The impeachment charges are not actually connected to Petrobras. Rather, Rousseff is accused of fudging government accounting to hide the scope of the government's deficit problem during the 2014 reelection campaign.
But legislators may be more likely to support her impeachment because of Petrobras. If public outrage keeps up, legislators may feel real pressure to vote against her.
"The big question is what the street protests do," Taylor says. "There were big protests on Sunday — 3 million — and those were aimed largely at fence sitters in Congress."
If Rousseff is impeached, her vice president (who is, due to Brazil's system, from a different party) takes over. But the political damage done to the PT would likely be devastating. This would likely help another party win in 2018.
But parties across the political spectrum are involved in the scandal. That, together with the ongoing economic problems, might empower the rise of a previously weak or entirely new party.
"Look at politics in our country; the factors that allow [political] outsiders to come in are very strong around the world right now," Winter says. "Think about how appealing an outsider might be in Brazil, where things are actually bad!"

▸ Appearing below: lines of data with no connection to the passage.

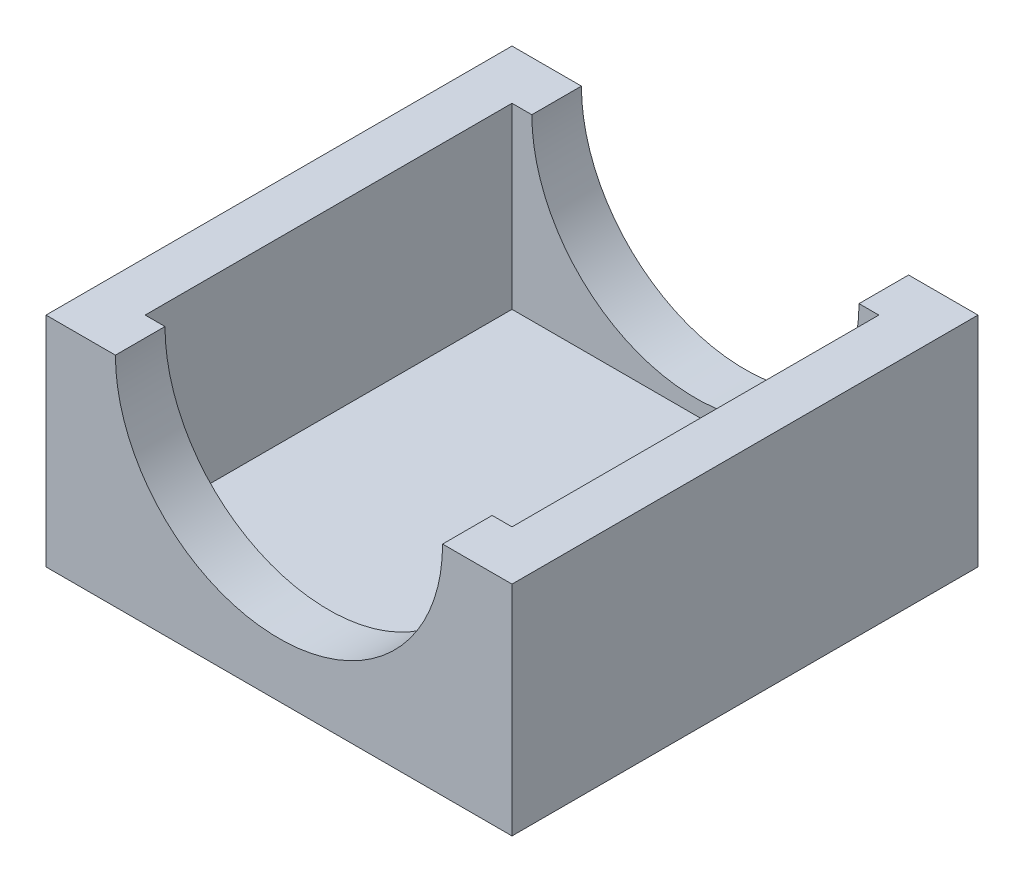
SolidWorks part; units mm, degrees
ref_plane "Front Plane" through (0, 0, 0) normal (0, 0, 1) x (1, 0, 0)
ref_plane "Top Plane" through (0, 0, 0) normal (0, 1, 0) x (1, 0, 0)
ref_plane "Right Plane" through (0, 0, 0) normal (1, 0, 0) x (0, 0, -1)
sketch "Sketch1" plane through (0, 0, 0) normal (0, 1, 0) x (1, 0, 0)
  line L1 (-37.3062, 37.3062) -> (37.3062, 37.3062)
  line L2 (-37.3062, 37.3062) -> (-37.3062, -37.3062)
  line L3 (-37.3062, -37.3062) -> (37.3063, -37.3062)
  line L4 (37.3062, 37.3062) -> (37.3063, -37.3062)
  line L5 (-37.3062, 37.3062) -> (37.3063, -37.3062) construction
  line L6 (-37.3062, -37.3062) -> (37.3062, 37.3062) construction
  point P0 (0, 0)
  dimension "D1" = 74.6125
  dimension "D2" = 74.6125
extrude "Boss-Extrude1" add sketch "Sketch1" along normal blind 34.925
sketch "Sketch2" plane through (0, 0, 37.3062) normal (0, 0, 1) x (1, 0, 0)
  line L0 (-37.3062, 34.925) -> (37.3063, 34.925) construction
  circle A0 centre (0, 34.925) radius 26.1938
extrude "Cut-Extrude1" cut sketch "Sketch2" against normal through all
sketch "Sketch3" plane through (0, 34.925, 0) normal (0, 1, 0) x (1, 0, 0)
  line L1 (-29.3688, 29.3687) -> (29.3687, 29.3687)
  line L2 (-29.3688, 29.3687) -> (-29.3688, -29.3687)
  line L3 (-29.3688, -29.3687) -> (29.3687, -29.3687)
  line L4 (29.3687, 29.3687) -> (29.3687, -29.3687)
  line L5 (-29.3688, 29.3687) -> (29.3687, -29.3687) construction
  line L6 (-29.3688, -29.3687) -> (29.3687, 29.3687) construction
  point P0 (0, 0)
  dimension "D1" = 58.7375
  dimension "D2" = 58.7375
extrude "Cut-Extrude2" cut sketch "Sketch3" against normal blind 28.575

There's another, even crazier way by which Petrobras could cost Rousseff her job.
If strong evidence surfaces that Rousseff's election campaigns were funded by dirty Petrobras money, which seems easily within the realm of possibility, a court could rule that election null and void. Winter suggests thinking about this possibility like a sports team forced to give back a championship title after a cheating scandal.
This procedure, called cassação, would create even more chaos than an impeachment.
If there's a cassação ruling, both Rousseff and her vice president would be forced out of office: After all, the VP was also elected at the same time. Cunha, the speaker of the house, would then take over. But remember, he's also being investigated on suspicion of involvement with Petrobras, and thus at risk of impeachment.
The Brazilian political system, then, is potentially nearing a point of real chaos. The president is facing impeachment and might be thrown out by the courts — which means she has substantially weakened power to pass new legislation to deal with Brazil's economic problems. Leading opposition figures, as well as former leaders, are also in serious trouble.
But it's worth remembering the reason the political chaos happened in the first place: A government investigation uncovered and stopped the biggest corruption scandal in the history of modern democracy.
This isn't just a one-off accomplishment. The investigations of leading politicians like Lula, and the conviction of leading businesspeople like Odebrecht, may signal that Brazil's centuries of impunity are finally coming to an end.
"If you were trying to decide on material grounds whether the costs of corruption outweighed the benefits [before Petrobras]," Taylor says, "you would fall — easily — onto the side of becoming corrupt."
But the Petrobras investigation, and the broader anti-corruption effort it represents, "have changed that calculus," he says. That makes it, in his words, "momentous."